=== RECORDS PROVIDED ===

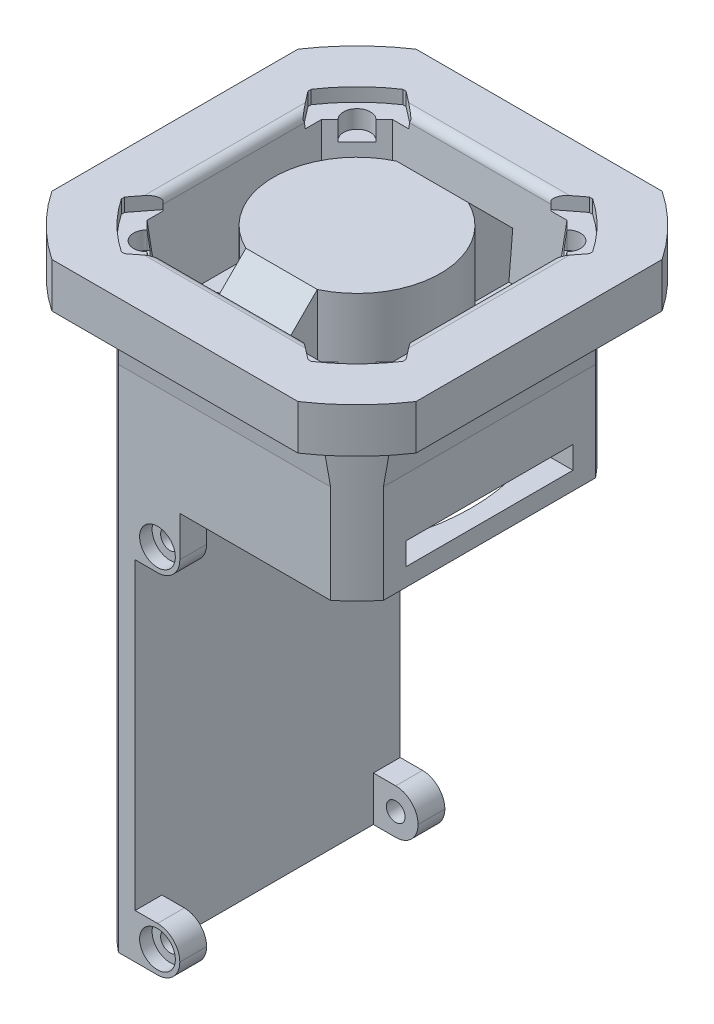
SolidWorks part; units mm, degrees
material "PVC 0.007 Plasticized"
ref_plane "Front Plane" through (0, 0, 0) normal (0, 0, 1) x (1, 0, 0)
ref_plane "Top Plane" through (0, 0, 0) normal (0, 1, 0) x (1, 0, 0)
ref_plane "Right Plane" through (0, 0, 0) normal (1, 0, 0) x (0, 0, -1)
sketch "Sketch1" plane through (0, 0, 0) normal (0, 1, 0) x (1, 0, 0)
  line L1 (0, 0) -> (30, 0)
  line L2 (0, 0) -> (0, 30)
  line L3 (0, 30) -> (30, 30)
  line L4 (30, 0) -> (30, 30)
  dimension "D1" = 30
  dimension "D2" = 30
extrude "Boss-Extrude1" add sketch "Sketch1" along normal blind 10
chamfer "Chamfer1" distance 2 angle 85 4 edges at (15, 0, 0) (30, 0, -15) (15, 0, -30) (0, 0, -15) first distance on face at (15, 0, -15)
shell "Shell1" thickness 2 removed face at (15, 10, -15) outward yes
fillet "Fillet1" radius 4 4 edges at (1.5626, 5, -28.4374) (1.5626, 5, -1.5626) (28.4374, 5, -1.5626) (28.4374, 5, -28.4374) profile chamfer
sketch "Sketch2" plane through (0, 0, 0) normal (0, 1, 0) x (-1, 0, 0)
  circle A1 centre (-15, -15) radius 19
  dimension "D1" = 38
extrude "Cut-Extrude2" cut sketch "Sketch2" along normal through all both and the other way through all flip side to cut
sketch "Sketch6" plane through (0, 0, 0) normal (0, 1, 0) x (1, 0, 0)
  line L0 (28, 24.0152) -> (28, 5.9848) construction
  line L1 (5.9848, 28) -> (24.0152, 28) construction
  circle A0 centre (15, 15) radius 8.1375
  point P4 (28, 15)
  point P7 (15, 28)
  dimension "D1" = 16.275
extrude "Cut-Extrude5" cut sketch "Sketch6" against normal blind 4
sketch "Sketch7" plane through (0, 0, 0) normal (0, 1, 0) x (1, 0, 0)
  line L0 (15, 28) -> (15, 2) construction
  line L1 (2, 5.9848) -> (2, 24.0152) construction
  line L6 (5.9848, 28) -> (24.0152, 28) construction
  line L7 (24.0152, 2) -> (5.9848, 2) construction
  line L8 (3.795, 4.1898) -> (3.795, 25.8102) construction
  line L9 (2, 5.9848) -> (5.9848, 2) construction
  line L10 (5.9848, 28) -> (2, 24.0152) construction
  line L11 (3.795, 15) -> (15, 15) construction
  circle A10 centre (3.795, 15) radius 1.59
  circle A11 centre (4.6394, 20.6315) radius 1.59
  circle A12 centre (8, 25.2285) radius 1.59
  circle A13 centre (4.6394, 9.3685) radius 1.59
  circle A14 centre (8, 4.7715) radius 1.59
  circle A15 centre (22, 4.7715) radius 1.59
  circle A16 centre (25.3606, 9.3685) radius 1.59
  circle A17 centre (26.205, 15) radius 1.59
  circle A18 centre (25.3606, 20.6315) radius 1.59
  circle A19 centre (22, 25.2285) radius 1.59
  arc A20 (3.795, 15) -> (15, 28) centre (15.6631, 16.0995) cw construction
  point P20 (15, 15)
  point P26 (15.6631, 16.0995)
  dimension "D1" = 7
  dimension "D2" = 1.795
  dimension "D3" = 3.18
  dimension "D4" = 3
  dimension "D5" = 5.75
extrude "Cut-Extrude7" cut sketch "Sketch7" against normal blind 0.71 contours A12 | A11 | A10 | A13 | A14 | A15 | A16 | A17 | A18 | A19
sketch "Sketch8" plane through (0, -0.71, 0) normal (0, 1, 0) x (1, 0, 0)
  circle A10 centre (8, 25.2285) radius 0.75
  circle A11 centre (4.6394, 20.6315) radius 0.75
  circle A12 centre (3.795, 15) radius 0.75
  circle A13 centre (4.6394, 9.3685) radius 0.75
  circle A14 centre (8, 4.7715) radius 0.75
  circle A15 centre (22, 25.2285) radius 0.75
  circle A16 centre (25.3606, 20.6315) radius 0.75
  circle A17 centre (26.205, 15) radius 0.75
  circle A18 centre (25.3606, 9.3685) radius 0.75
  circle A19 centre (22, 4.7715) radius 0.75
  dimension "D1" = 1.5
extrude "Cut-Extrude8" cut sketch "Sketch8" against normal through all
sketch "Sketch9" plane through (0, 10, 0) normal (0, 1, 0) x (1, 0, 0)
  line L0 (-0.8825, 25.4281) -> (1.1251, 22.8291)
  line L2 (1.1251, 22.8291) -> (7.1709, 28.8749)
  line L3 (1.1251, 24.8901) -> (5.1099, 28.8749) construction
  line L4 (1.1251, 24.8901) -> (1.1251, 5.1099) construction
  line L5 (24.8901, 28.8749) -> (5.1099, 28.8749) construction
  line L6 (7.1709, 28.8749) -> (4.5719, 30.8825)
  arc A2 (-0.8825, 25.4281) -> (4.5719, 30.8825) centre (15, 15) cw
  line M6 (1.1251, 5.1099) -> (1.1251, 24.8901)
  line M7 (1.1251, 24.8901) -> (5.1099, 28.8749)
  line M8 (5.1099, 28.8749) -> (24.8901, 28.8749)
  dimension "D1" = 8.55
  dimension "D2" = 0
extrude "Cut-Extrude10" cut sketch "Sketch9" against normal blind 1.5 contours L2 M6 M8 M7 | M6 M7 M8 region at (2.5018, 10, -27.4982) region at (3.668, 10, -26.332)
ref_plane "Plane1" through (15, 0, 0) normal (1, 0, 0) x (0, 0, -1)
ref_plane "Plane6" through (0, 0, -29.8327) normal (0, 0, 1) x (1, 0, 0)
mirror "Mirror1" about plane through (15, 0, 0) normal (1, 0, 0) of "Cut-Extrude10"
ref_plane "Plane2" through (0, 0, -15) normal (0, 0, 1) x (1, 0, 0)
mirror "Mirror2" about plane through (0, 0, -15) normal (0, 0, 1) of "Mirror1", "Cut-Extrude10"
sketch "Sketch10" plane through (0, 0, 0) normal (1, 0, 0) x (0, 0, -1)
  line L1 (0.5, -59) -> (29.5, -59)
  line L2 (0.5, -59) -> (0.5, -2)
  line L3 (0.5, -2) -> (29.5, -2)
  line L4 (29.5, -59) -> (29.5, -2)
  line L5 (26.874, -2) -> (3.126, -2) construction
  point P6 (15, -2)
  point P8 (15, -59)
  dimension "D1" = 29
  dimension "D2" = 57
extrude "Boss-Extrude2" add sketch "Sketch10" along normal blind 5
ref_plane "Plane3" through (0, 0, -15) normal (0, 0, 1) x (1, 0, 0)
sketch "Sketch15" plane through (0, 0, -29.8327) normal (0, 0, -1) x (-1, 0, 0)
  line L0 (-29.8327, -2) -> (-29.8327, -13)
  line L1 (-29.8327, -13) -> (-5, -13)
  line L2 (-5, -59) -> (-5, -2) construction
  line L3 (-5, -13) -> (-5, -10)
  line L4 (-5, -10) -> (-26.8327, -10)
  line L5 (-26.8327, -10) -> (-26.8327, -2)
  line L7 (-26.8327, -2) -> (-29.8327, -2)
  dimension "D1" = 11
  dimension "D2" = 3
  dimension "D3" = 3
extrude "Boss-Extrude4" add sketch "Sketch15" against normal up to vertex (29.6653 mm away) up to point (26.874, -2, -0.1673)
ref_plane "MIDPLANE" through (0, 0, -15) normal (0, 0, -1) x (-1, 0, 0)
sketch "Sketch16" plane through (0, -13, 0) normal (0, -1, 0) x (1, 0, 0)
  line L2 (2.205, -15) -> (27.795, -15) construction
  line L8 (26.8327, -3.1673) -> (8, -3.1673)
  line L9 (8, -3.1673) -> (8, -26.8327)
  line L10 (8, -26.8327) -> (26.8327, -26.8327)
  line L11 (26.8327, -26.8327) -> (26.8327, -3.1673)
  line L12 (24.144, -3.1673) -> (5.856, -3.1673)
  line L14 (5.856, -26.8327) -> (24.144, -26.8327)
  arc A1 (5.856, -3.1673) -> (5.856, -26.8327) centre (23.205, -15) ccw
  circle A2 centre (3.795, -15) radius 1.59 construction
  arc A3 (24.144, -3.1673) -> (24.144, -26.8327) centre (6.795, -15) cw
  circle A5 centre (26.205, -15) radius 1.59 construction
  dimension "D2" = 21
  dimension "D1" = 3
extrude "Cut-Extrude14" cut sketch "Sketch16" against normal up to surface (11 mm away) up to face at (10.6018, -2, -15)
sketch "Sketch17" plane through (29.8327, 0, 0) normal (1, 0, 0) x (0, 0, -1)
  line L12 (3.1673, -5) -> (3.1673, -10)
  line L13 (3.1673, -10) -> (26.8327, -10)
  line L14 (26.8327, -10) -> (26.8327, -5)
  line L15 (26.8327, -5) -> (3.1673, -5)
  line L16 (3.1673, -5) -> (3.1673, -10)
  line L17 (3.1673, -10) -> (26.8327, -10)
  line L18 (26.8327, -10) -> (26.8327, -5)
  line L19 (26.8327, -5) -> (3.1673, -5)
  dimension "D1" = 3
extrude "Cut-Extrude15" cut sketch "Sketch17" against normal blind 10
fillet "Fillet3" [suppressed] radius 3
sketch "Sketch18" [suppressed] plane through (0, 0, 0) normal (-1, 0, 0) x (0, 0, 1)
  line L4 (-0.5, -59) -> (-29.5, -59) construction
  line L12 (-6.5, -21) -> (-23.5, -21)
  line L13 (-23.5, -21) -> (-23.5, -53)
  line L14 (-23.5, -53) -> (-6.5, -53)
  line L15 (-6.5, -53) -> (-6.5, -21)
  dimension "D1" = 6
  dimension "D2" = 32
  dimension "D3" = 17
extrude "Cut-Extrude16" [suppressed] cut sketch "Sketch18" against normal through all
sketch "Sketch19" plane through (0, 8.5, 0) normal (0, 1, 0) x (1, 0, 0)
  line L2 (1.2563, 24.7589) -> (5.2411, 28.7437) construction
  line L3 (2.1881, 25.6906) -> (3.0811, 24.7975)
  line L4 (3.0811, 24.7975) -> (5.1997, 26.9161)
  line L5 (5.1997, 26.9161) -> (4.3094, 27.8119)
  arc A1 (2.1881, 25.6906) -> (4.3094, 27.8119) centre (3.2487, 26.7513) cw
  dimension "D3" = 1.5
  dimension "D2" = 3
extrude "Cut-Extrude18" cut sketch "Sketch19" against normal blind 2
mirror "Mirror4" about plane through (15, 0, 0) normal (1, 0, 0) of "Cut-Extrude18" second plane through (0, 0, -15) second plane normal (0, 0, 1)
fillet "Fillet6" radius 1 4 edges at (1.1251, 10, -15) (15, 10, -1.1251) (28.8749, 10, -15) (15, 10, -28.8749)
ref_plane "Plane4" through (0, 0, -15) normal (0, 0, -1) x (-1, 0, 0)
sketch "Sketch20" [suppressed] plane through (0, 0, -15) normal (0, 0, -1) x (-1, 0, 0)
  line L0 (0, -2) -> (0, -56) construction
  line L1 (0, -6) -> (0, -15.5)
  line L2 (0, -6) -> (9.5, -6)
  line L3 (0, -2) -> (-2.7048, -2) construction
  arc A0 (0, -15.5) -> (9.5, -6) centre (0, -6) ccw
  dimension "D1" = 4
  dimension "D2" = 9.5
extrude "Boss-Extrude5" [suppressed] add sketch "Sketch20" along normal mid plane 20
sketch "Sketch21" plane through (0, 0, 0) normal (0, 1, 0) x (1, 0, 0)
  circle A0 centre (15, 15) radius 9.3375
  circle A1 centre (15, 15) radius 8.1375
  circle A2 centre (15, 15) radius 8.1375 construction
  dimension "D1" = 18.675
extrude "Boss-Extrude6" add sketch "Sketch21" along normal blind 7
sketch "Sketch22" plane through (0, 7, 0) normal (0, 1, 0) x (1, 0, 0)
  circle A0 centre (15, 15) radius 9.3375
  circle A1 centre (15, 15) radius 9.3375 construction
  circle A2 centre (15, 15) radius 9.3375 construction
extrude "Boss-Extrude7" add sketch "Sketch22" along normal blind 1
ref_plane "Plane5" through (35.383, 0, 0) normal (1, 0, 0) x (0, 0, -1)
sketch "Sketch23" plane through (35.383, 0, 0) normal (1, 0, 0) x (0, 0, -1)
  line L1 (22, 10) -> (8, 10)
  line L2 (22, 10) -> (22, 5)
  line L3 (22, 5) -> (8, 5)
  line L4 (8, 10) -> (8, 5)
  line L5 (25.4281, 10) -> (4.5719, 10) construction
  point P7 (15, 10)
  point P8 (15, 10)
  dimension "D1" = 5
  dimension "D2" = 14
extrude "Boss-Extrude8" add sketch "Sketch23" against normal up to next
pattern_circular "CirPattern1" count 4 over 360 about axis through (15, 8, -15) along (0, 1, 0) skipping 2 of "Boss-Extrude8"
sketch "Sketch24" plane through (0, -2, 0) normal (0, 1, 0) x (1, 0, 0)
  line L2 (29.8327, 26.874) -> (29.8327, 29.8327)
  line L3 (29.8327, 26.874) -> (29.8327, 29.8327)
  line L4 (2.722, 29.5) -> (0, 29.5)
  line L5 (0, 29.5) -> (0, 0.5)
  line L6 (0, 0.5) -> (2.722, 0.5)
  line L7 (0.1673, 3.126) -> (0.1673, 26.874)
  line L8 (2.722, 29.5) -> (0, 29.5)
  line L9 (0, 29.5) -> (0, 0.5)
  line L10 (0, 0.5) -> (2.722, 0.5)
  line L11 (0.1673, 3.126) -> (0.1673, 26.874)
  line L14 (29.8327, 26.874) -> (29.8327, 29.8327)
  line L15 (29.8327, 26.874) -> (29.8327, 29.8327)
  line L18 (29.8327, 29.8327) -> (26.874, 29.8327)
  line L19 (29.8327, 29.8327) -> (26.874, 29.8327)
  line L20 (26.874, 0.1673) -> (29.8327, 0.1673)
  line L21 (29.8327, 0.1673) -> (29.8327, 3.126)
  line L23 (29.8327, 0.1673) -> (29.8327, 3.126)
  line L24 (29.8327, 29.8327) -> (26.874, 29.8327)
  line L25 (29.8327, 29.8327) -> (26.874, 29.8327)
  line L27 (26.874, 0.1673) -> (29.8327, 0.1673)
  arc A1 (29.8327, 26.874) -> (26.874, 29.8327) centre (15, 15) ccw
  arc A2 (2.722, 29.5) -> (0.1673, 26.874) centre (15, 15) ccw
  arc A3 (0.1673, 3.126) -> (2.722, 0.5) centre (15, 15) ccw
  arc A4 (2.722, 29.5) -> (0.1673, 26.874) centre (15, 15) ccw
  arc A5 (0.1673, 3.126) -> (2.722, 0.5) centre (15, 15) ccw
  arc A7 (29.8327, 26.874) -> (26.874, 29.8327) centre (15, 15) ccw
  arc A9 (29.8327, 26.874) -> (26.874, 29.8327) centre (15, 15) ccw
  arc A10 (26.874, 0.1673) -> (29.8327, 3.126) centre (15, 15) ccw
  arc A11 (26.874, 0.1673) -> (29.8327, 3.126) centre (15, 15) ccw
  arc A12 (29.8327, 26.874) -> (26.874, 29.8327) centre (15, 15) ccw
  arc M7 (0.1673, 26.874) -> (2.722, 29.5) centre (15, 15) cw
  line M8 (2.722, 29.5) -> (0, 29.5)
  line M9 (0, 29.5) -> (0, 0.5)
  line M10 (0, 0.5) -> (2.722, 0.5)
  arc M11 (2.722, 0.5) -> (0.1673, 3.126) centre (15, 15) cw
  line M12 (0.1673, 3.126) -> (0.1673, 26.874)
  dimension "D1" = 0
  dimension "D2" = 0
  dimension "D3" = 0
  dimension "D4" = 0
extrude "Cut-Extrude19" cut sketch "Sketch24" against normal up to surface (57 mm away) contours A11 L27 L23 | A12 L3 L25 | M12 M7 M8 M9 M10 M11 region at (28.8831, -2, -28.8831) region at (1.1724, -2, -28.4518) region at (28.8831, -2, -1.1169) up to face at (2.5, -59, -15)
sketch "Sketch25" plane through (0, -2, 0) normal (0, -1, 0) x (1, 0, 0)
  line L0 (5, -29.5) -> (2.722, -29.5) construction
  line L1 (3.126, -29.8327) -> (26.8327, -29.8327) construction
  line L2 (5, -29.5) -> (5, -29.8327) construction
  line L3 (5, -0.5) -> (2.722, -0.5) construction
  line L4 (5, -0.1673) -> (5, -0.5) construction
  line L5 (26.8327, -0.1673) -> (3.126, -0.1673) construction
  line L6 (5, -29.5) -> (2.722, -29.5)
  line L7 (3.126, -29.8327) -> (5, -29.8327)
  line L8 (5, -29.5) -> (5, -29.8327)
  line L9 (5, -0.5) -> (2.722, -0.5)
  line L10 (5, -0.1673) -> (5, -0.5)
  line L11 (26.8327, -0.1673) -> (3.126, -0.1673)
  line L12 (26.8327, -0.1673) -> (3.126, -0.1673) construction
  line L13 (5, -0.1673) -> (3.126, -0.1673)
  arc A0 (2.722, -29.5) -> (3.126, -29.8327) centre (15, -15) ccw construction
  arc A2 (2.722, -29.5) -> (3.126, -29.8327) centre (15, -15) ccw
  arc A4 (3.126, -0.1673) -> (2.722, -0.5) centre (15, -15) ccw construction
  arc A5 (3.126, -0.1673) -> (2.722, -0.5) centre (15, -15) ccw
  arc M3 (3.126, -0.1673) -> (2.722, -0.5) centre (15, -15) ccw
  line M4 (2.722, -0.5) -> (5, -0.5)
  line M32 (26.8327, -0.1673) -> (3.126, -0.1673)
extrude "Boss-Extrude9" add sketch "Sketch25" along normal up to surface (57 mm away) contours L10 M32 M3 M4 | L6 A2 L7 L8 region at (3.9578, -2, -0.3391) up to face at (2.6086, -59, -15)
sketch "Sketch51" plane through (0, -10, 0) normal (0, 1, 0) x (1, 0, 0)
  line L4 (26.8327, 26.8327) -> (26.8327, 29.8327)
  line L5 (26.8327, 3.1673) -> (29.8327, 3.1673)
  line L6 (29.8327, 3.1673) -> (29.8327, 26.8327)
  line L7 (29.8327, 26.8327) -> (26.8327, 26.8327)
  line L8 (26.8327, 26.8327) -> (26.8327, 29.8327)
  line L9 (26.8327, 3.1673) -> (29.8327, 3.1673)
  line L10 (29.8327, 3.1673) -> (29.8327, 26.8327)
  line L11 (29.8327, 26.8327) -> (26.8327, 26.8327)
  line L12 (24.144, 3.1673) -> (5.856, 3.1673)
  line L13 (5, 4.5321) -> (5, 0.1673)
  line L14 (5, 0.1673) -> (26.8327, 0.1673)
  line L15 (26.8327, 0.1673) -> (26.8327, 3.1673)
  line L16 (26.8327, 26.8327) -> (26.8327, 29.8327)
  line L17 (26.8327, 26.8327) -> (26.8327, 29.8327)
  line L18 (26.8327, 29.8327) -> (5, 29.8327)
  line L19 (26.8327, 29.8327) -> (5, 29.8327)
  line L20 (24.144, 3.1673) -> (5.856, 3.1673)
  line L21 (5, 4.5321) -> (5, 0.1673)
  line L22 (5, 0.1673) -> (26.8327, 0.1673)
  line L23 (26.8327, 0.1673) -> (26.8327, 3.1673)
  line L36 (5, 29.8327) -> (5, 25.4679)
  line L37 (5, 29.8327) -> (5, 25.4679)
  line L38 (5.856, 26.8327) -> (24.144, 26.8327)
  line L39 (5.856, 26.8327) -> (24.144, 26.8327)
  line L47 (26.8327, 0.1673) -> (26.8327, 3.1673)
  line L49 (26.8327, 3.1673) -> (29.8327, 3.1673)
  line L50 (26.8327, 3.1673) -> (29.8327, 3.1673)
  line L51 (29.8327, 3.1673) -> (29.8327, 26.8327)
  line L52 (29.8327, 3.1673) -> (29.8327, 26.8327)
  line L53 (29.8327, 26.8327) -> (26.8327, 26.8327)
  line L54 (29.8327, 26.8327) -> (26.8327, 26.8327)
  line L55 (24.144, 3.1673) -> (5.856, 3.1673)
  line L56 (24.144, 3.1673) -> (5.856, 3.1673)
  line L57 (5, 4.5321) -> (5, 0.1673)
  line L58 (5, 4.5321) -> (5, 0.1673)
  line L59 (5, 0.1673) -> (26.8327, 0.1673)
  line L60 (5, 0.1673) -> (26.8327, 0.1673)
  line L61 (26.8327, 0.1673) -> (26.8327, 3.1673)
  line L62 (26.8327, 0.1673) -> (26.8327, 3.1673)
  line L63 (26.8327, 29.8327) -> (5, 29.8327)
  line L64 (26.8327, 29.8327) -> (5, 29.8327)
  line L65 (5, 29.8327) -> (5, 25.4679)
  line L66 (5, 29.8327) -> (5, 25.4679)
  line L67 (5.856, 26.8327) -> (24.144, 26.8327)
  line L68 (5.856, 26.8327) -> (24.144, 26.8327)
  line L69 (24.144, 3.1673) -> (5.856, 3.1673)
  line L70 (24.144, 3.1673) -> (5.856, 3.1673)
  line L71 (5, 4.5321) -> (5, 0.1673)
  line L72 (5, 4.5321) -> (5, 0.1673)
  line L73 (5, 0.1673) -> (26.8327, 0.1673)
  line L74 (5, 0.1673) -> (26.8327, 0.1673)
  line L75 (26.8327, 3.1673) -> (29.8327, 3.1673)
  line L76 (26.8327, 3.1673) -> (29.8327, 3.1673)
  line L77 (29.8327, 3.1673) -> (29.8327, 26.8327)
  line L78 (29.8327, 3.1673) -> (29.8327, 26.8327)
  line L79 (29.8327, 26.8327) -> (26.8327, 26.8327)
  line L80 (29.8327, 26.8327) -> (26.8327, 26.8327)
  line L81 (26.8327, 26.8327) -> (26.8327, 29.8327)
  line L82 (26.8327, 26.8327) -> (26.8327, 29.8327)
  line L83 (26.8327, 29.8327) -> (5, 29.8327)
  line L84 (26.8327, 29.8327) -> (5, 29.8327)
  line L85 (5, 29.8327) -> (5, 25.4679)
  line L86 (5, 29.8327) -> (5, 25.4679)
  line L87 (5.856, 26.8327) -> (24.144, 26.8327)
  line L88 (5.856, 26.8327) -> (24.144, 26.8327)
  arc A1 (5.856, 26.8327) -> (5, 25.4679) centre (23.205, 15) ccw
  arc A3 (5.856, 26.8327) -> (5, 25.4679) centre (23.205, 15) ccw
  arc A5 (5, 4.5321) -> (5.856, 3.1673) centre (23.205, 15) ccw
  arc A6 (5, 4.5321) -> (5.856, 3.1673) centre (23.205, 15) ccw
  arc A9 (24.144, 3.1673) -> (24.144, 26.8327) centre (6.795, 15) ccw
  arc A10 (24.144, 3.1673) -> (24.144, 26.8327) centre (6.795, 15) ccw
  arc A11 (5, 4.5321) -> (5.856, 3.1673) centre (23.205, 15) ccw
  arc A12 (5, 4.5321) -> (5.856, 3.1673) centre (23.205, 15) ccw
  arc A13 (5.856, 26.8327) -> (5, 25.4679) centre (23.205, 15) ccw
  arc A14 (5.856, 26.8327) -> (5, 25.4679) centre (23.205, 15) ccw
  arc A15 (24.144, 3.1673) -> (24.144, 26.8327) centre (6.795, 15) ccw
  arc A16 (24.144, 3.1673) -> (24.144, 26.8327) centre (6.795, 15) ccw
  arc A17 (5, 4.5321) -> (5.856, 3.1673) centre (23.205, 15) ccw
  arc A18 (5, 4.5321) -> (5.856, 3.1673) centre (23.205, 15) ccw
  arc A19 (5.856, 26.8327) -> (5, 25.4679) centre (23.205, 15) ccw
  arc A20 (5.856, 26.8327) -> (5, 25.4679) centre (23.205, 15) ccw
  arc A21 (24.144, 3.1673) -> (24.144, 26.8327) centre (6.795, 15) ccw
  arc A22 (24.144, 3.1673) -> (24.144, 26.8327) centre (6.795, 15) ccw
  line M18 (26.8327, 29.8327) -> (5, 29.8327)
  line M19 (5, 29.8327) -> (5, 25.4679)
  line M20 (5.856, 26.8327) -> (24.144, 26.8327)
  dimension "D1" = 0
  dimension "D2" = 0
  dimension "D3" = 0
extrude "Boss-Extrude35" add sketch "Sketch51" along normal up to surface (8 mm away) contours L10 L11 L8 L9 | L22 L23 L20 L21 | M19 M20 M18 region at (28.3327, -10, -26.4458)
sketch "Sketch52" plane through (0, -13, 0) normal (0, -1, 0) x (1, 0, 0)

===

TRY IT >> Take the line above containing "arc A21 (24.144, 3.1673)", the line containing "line M19 (5, 29.8327) -> (5, 25.4679)", and all lines in between, and copy them exactly without anything else.

REPLY TO THE TASK >>
  arc A21 (24.144, 3.1673) -> (24.144, 26.8327) centre (6.795, 15) ccw
  arc A22 (24.144, 3.1673) -> (24.144, 26.8327) centre (6.795, 15) ccw
  line M18 (26.8327, 29.8327) -> (5, 29.8327)
  line M19 (5, 29.8327) -> (5, 25.4679)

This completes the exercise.